Data excerpts ▸
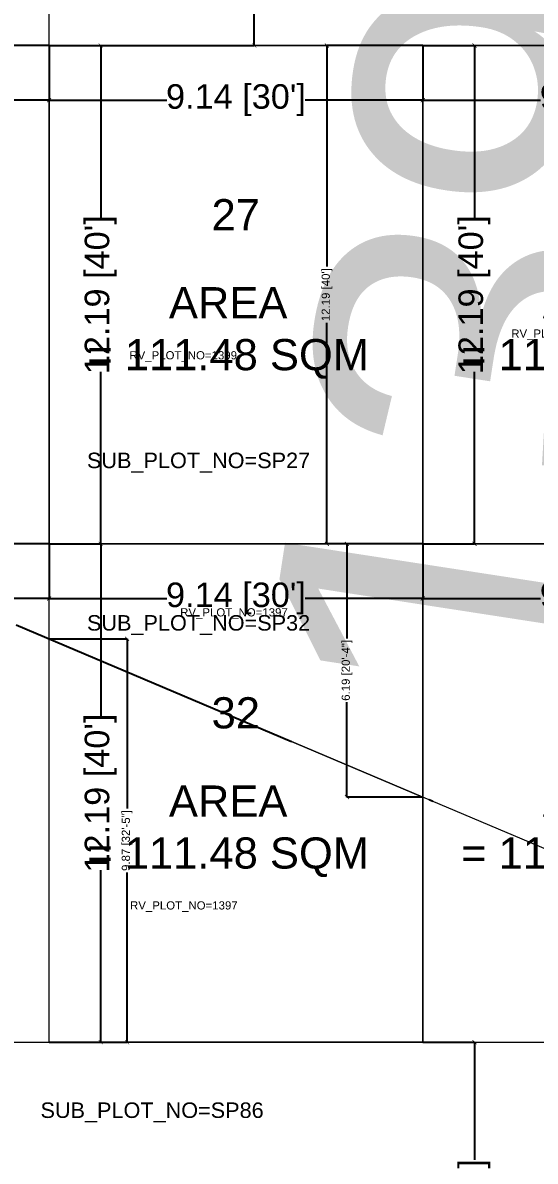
# Model space of a CAD drawing. Header units: metres. Extents: x 205125 to 205418, y -20654 to -20451.
# Drawn here: x 205246.4 to 205258.94, y -20556.45 to -20528.6 of the extents above; entities that cross this region are included whole.
import ezdxf

# ---------------------------------------------------------------- set-up
doc = ezdxf.new("R2010")
doc.units = ezdxf.units.M
doc.header["$MEASUREMENT"] = 0
doc.header["$PDMODE"] = 2
doc.linetypes.add('BORDER2', pattern=[0.875, 0.25, -0.125, 0.25, -0.125, 0, -0.125])
doc.layers.get('0').update_dxf_attribs({"lineweight": 5})
doc.layers.get('Defpoints').update_dxf_attribs({"lineweight": 5})
for name, color, linetype, lineweight in [('A-0-g', 7, 'Continuous', 5), ('Layer1', 7, 'Continuous', 5), ('SUB_PLOT_26', 7, 'Continuous', 5), ('SUB_PLOT_26_RV_PLOT_1', 7, 'Continuous', 5), ('SUB_PLOT_27', 7, 'Continuous', 5), ('SUB_PLOT_27_RV_PLOT_1', 7, 'Continuous', 5), ('SUB_PLOT_28', 7, 'Continuous', 5), ('SUB_PLOT_28_RV_PLOT_1', 7, 'Continuous', 5), ('SUB_PLOT_31', 7, 'Continuous', 5), ('SUB_PLOT_31_RV_PLOT_1', 7, 'Continuous', 5), ('SUB_PLOT_32', 7, 'Continuous', 5), ('SUB_PLOT_32_RV_PLOT_1', 7, 'Continuous', 5), ('SUB_PLOT_32_RV_PLOT_2', 7, 'Continuous', 5), ('SUB_PLOT_33', 7, 'Continuous', 5), ('SUB_PLOT_33_RV_PLOT_1', 7, 'Continuous', 5), ('SUB_PLOT_33_RV_PLOT_2', 7, 'Continuous', 5), ('SUB_PLOT_86', 7, 'Continuous', 5), ('SUB_PLOT_86_RV_PLOT_1', 7, 'Continuous', 5), ('SUB_PLOT_90', 96, 'Continuous', 5), ('SUB_PLOT_90_RV_PLOT_1', 96, 'Continuous', 5), ('SUB_PLOT_91', 96, 'Continuous', 5), ('SUB_PLOT_91_RV_PLOT_1', 96, 'Continuous', 5)]:
    doc.layers.add(name, color=color, linetype=linetype, lineweight=lineweight)
doc.styles.add('Arial', font='swissl.ttf')
doc.dimstyles.new('meter', dxfattribs={"dimtxt": 0.2, "dimasz": 0.1, "dimexe": 0, "dimexo": 0, "dimgap": 0.09, "dimtad": 0, "dimzin": 0, "dimdsep": 46, "dimtxsty": 'Arial', "dimblk": 'ARCHTICK', "dimcen": 7.09, "dimclrd": 23, "dimclre": 23, "dimclrt": 75, "dimadec": 0, "dimazin": 0, "dimtfac": 1, "dimtofl": 0, "dimtmove": 1, "dimatfit": 3, "dimldrblk": 'OPEN90', "dimfxl": 1, "dimtolj": 1, "dimtzin": 0, "dimarcsym": 0})

# ---------------------------------------------------------------- blocks, each defined once
blk = doc.blocks.new('_ArchTick')
at = {"color": 0, "const_width": 0.15}
blk.add_lwpolyline([(-0.5, -0.5), (0.5, 0.5)], dxfattribs=at)
blk = doc.blocks.new('*D97')
at = {"color": 23, "linetype": 'Continuous', "lineweight": -2, "ltscale": 0.5, "transparency": 16777216}
for p, q in [((205237.904, -20529.152), (205237.904, -20530.489)), ((205247.048, -20529.152), (205247.048, -20530.489)), ((205237.904, -20530.489), (205240.785, -20530.489)), ((205247.048, -20530.489), (205244.167, -20530.489))]:
    blk.add_line(p, q, dxfattribs=at)
at = {"layer": 'Defpoints', "color": 0, "ltscale": 0.5, "transparency": 16777216}
for p in [(205237.904, -20529.152), (205247.048, -20529.152), (205247.048, -20530.489)]:
    blk.add_point(p, dxfattribs=at)
at = {"color": 23, "lineweight": -2, "ltscale": 0.5, "transparency": 16777216, "xscale": 0.1, "yscale": 0.1, "zscale": 0.1, "rotation": 180}
blk.add_blockref('_ArchTick', (205237.904, -20530.489), dxfattribs=at)
at = {"color": 23, "lineweight": -2, "ltscale": 0.5, "transparency": 16777216, "xscale": 0.1, "yscale": 0.1, "zscale": 0.1}
blk.add_blockref('_ArchTick', (205247.048, -20530.489), dxfattribs=at)
at = {"color": 75, "ltscale": 0.5, "transparency": 16777216, "insert": (205242.476, -20530.489), "char_height": 0.6, "attachment_point": 5, "style": 'Arial'}
blk.add_mtext("\\A1;9.14 [30']", dxfattribs=at)
blk = doc.blocks.new('_Open90')
at = {"layer": 'A-0-g', "color": 0, "lineweight": -2}
for p, q in [((0, 0), (-1, 0)), ((-0.5, 0.5), (0, 0)), ((0, 0), (-0.5, -0.5))]:
    blk.add_line(p, q, dxfattribs=at)
blk = doc.blocks.new('*D99')
at = {"color": 23, "linetype": 'Continuous', "lineweight": -2, "ltscale": 0.5, "transparency": 16777216}
for p, q in [((205247.048, -20529.152), (205247.048, -20530.489)), ((205256.192, -20529.152), (205256.192, -20530.489)), ((205247.048, -20530.489), (205249.929, -20530.489)), ((205256.192, -20530.489), (205253.311, -20530.489))]:
    blk.add_line(p, q, dxfattribs=at)
at = {"layer": 'Defpoints', "color": 0, "ltscale": 0.5, "transparency": 16777216}
for p in [(205247.048, -20529.152), (205256.192, -20529.152), (205256.192, -20530.489)]:
    blk.add_point(p, dxfattribs=at)
at = {"color": 23, "lineweight": -2, "ltscale": 0.5, "transparency": 16777216, "xscale": 0.1, "yscale": 0.1, "zscale": 0.1, "rotation": 180}
blk.add_blockref('_ArchTick', (205247.048, -20530.489), dxfattribs=at)
at = {"color": 23, "lineweight": -2, "ltscale": 0.5, "transparency": 16777216, "xscale": 0.1, "yscale": 0.1, "zscale": 0.1}
blk.add_blockref('_ArchTick', (205256.192, -20530.489), dxfattribs=at)
at = {"color": 75, "ltscale": 0.5, "transparency": 16777216, "insert": (205251.62, -20530.489), "char_height": 0.6, "attachment_point": 5, "style": 'Arial'}
blk.add_mtext("\\A1;9.14 [30']", dxfattribs=at)
blk = doc.blocks.new('*D100')
at = {"layer": 'Defpoints', "color": 0, "ltscale": 0.5, "transparency": 16777216}
for p in [(205247.048, -20529.152), (205247.048, -20541.344), (205248.31, -20541.344)]:
    blk.add_point(p, dxfattribs=at)
at = {"layer": 'SUB_PLOT_27', "color": 23, "linetype": 'Continuous', "lineweight": -2, "ltscale": 0.5, "transparency": 16777216}
for p, q in [((205247.048, -20529.152), (205248.31, -20529.152)), ((205248.31, -20529.152), (205248.31, -20533.36)), ((205248.31, -20541.344), (205248.31, -20537.137)), ((205247.048, -20541.344), (205248.31, -20541.344))]:
    blk.add_line(p, q, dxfattribs=at)
at = {"layer": 'SUB_PLOT_27', "color": 23, "lineweight": -2, "ltscale": 0.5, "transparency": 16777216, "xscale": 0.1, "yscale": 0.1, "zscale": 0.1}
for p, rotation in [((205248.31, -20529.152), 90), ((205248.31, -20541.344), 270)]:
    blk.add_blockref('_ArchTick', p, dxfattribs=dict(at, rotation=rotation))
at = {"layer": 'SUB_PLOT_27', "color": 75, "ltscale": 0.5, "transparency": 16777216, "insert": (205248.31, -20535.248), "char_height": 0.6, "attachment_point": 5, "rotation": 90, "style": 'Arial'}
blk.add_mtext("\\A1;12.19 [40']", dxfattribs=at)
blk = doc.blocks.new('*D101')
at = {"color": 23, "linetype": 'Continuous', "lineweight": -2, "ltscale": 0.5, "transparency": 16777216}
for p, q in [((205256.192, -20529.152), (205256.192, -20530.489)), ((205265.336, -20529.152), (205265.336, -20530.489)), ((205256.192, -20530.489), (205259.073, -20530.489)), ((205265.336, -20530.489), (205262.455, -20530.489))]:
    blk.add_line(p, q, dxfattribs=at)
at = {"layer": 'Defpoints', "color": 0, "ltscale": 0.5, "transparency": 16777216}
for p in [(205256.192, -20529.152), (205265.336, -20529.152), (205265.336, -20530.489)]:
    blk.add_point(p, dxfattribs=at)
at = {"color": 23, "lineweight": -2, "ltscale": 0.5, "transparency": 16777216, "xscale": 0.1, "yscale": 0.1, "zscale": 0.1, "rotation": 180}
blk.add_blockref('_ArchTick', (205256.192, -20530.489), dxfattribs=at)
at = {"color": 23, "lineweight": -2, "ltscale": 0.5, "transparency": 16777216, "xscale": 0.1, "yscale": 0.1, "zscale": 0.1}
blk.add_blockref('_ArchTick', (205265.336, -20530.489), dxfattribs=at)
at = {"color": 75, "ltscale": 0.5, "transparency": 16777216, "insert": (205260.764, -20530.489), "char_height": 0.6, "attachment_point": 5, "style": 'Arial'}
blk.add_mtext("\\A1;9.14 [30']", dxfattribs=at)
blk = doc.blocks.new('*D102')
at = {"layer": 'Defpoints', "color": 0, "ltscale": 0.5, "transparency": 16777216}
for p in [(205256.192, -20529.152), (205256.192, -20541.344), (205257.454, -20541.344)]:
    blk.add_point(p, dxfattribs=at)
at = {"layer": 'SUB_PLOT_26', "color": 23, "linetype": 'Continuous', "lineweight": -2, "ltscale": 0.5, "transparency": 16777216}
for p, q in [((205256.192, -20529.152), (205257.454, -20529.152)), ((205257.454, -20529.152), (205257.454, -20533.36)), ((205257.454, -20541.344), (205257.454, -20537.137)), ((205256.192, -20541.344), (205257.454, -20541.344))]:
    blk.add_line(p, q, dxfattribs=at)
at = {"layer": 'SUB_PLOT_26', "color": 23, "lineweight": -2, "ltscale": 0.5, "transparency": 16777216, "xscale": 0.1, "yscale": 0.1, "zscale": 0.1}
for p, rotation in [((205257.454, -20529.152), 90), ((205257.454, -20541.344), 270)]:
    blk.add_blockref('_ArchTick', p, dxfattribs=dict(at, rotation=rotation))
at = {"layer": 'SUB_PLOT_26', "color": 75, "ltscale": 0.5, "transparency": 16777216, "insert": (205257.454, -20535.248), "char_height": 0.6, "attachment_point": 5, "rotation": 90, "style": 'Arial'}
blk.add_mtext("\\A1;12.19 [40']", dxfattribs=at)
blk = doc.blocks.new('*D107')
at = {"color": 23, "linetype": 'Continuous', "lineweight": -2, "ltscale": 0.5, "transparency": 16777216}
for p, q in [((205237.904, -20541.344), (205237.904, -20542.681)), ((205247.048, -20541.344), (205247.048, -20542.681)), ((205237.904, -20542.681), (205240.785, -20542.681)), ((205247.048, -20542.681), (205244.167, -20542.681))]:
    blk.add_line(p, q, dxfattribs=at)
at = {"layer": 'Defpoints', "color": 0, "ltscale": 0.5, "transparency": 16777216}
for p in [(205237.904, -20541.344), (205247.048, -20541.344), (205247.048, -20542.681)]:
    blk.add_point(p, dxfattribs=at)
at = {"color": 23, "lineweight": -2, "ltscale": 0.5, "transparency": 16777216, "xscale": 0.1, "yscale": 0.1, "zscale": 0.1, "rotation": 180}
blk.add_blockref('_ArchTick', (205237.904, -20542.681), dxfattribs=at)
at = {"color": 23, "lineweight": -2, "ltscale": 0.5, "transparency": 16777216, "xscale": 0.1, "yscale": 0.1, "zscale": 0.1}
blk.add_blockref('_ArchTick', (205247.048, -20542.681), dxfattribs=at)
at = {"color": 75, "ltscale": 0.5, "transparency": 16777216, "insert": (205242.476, -20542.681), "char_height": 0.6, "attachment_point": 5, "style": 'Arial'}
blk.add_mtext("\\A1;9.14 [30']", dxfattribs=at)
blk = doc.blocks.new('*D109')
at = {"color": 23, "linetype": 'Continuous', "lineweight": -2, "ltscale": 0.5, "transparency": 16777216}
for p, q in [((205247.048, -20541.344), (205247.048, -20542.681)), ((205256.192, -20541.344), (205256.192, -20542.681)), ((205247.048, -20542.681), (205249.929, -20542.681)), ((205256.192, -20542.681), (205253.311, -20542.681))]:
    blk.add_line(p, q, dxfattribs=at)
at = {"layer": 'Defpoints', "color": 0, "ltscale": 0.5, "transparency": 16777216}
for p in [(205247.048, -20541.344), (205256.192, -20541.344), (205256.192, -20542.681)]:
    blk.add_point(p, dxfattribs=at)
at = {"color": 23, "lineweight": -2, "ltscale": 0.5, "transparency": 16777216, "xscale": 0.1, "yscale": 0.1, "zscale": 0.1, "rotation": 180}
blk.add_blockref('_ArchTick', (205247.048, -20542.681), dxfattribs=at)
at = {"color": 23, "lineweight": -2, "ltscale": 0.5, "transparency": 16777216, "xscale": 0.1, "yscale": 0.1, "zscale": 0.1}
blk.add_blockref('_ArchTick', (205256.192, -20542.681), dxfattribs=at)
at = {"color": 75, "ltscale": 0.5, "transparency": 16777216, "insert": (205251.62, -20542.681), "char_height": 0.6, "attachment_point": 5, "style": 'Arial'}
blk.add_mtext("\\A1;9.14 [30']", dxfattribs=at)
blk = doc.blocks.new('*D110')
at = {"layer": 'Defpoints', "color": 0, "ltscale": 0.5, "transparency": 16777216}
for p in [(205247.048, -20541.344), (205247.048, -20553.536), (205248.31, -20553.536)]:
    blk.add_point(p, dxfattribs=at)
at = {"layer": 'SUB_PLOT_32', "color": 23, "linetype": 'Continuous', "lineweight": -2, "ltscale": 0.5, "transparency": 16777216}
for p, q in [((205247.048, -20541.344), (205248.31, -20541.344)), ((205248.31, -20541.344), (205248.31, -20545.552)), ((205248.31, -20553.536), (205248.31, -20549.329)), ((205247.048, -20553.536), (205248.31, -20553.536))]:
    blk.add_line(p, q, dxfattribs=at)
at = {"layer": 'SUB_PLOT_32', "color": 23, "lineweight": -2, "ltscale": 0.5, "transparency": 16777216, "xscale": 0.1, "yscale": 0.1, "zscale": 0.1}
for p, rotation in [((205248.31, -20541.344), 90), ((205248.31, -20553.536), 270)]:
    blk.add_blockref('_ArchTick', p, dxfattribs=dict(at, rotation=rotation))
at = {"layer": 'SUB_PLOT_32', "color": 75, "ltscale": 0.5, "transparency": 16777216, "insert": (205248.31, -20547.44), "char_height": 0.6, "attachment_point": 5, "rotation": 90, "style": 'Arial'}
blk.add_mtext("\\A1;12.19 [40']", dxfattribs=at)
blk = doc.blocks.new('*D111')
at = {"color": 23, "linetype": 'Continuous', "lineweight": -2, "ltscale": 0.5, "transparency": 16777216}
for p, q in [((205256.192, -20541.344), (205256.192, -20542.681)), ((205265.336, -20541.344), (205265.336, -20542.681)), ((205256.192, -20542.681), (205259.073, -20542.681)), ((205265.336, -20542.681), (205262.455, -20542.681))]:
    blk.add_line(p, q, dxfattribs=at)
at = {"layer": 'Defpoints', "color": 0, "ltscale": 0.5, "transparency": 16777216}
for p in [(205256.192, -20541.344), (205265.336, -20541.344), (205265.336, -20542.681)]:
    blk.add_point(p, dxfattribs=at)
at = {"color": 23, "lineweight": -2, "ltscale": 0.5, "transparency": 16777216, "xscale": 0.1, "yscale": 0.1, "zscale": 0.1, "rotation": 180}
blk.add_blockref('_ArchTick', (205256.192, -20542.681), dxfattribs=at)
at = {"color": 23, "lineweight": -2, "ltscale": 0.5, "transparency": 16777216, "xscale": 0.1, "yscale": 0.1, "zscale": 0.1}
blk.add_blockref('_ArchTick', (205265.336, -20542.681), dxfattribs=at)
at = {"color": 75, "ltscale": 0.5, "transparency": 16777216, "insert": (205260.764, -20542.681), "char_height": 0.6, "attachment_point": 5, "style": 'Arial'}
blk.add_mtext("\\A1;9.14 [30']", dxfattribs=at)
blk = doc.blocks.new('*D112')
at = {"layer": 'Defpoints', "color": 0, "ltscale": 0.5, "transparency": 16777216}
for p in [(205256.192, -20553.536), (205256.192, -20562.676), (205257.454, -20562.676)]:
    blk.add_point(p, dxfattribs=at)
at = {"layer": 'SUB_PLOT_33', "color": 23, "linetype": 'Continuous', "lineweight": -2, "ltscale": 0.5, "transparency": 16777216}
for p, q in [((205256.192, -20553.536), (205257.454, -20553.536)), ((205257.454, -20553.536), (205257.454, -20556.415)), ((205257.454, -20562.676), (205257.454, -20559.797)), ((205256.192, -20562.676), (205257.454, -20562.676))]:
    blk.add_line(p, q, dxfattribs=at)
at = {"layer": 'SUB_PLOT_33', "color": 23, "lineweight": -2, "ltscale": 0.5, "transparency": 16777216, "xscale": 0.1, "yscale": 0.1, "zscale": 0.1}
for p, rotation in [((205257.454, -20553.536), 90), ((205257.454, -20562.676), 270)]:
    blk.add_blockref('_ArchTick', p, dxfattribs=dict(at, rotation=rotation))
at = {"layer": 'SUB_PLOT_33', "color": 75, "ltscale": 0.5, "transparency": 16777216, "insert": (205257.454, -20558.106), "char_height": 0.6, "attachment_point": 5, "rotation": 90, "style": 'Arial'}
blk.add_mtext("\\A1;9.14 [30']", dxfattribs=at)
blk = doc.blocks.new('sdfd')
at = {"color": 241, "linetype": 'BORDER2', "lineweight": 25, "ltscale": 2}
blk.add_lwpolyline([(205532.1784, -20576.059), (205530.6774, -20582.0097)], dxfattribs=at)
at = {"linetype": 'BORDER2', "lineweight": 25, "ltscale": 500, "insert": (205532.3574, -20578.9132), "char_height": 0.54475, "width": 8.462144, "attachment_point": 2, "style": 'Arial'}
blk.add_mtext('1399', dxfattribs=at)
blk = doc.blocks.new('*D194')
at = {"layer": 'Defpoints', "color": 0, "ltscale": 0.5, "transparency": 16777216}
for p in [(205247.048, -20529.152), (205244.556, -20541.344), (205247.048, -20541.344)]:
    blk.add_point(p, dxfattribs=at)
at = {"layer": 'SUB_PLOT_28_RV_PLOT_1', "color": 23, "lineweight": -2, "ltscale": 0.5, "transparency": 16777216}
for p, q in [((205247.048, -20529.152), (205244.556, -20529.152)), ((205244.556, -20529.152), (205244.556, -20534.559)), ((205244.556, -20541.344), (205244.556, -20535.938)), ((205247.048, -20541.344), (205244.556, -20541.344))]:
    blk.add_line(p, q, dxfattribs=at)
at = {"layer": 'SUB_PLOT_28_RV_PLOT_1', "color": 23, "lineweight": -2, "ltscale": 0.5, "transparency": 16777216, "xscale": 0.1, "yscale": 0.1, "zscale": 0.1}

What you should do ▸ If a line in the entries contains the word "units", copy that line out.

Output for this task ▸
# Model space of a CAD drawing. Header units: metres. Extents: x 205125 to 205418, y -20654 to -20451.
doc.units = ezdxf.units.M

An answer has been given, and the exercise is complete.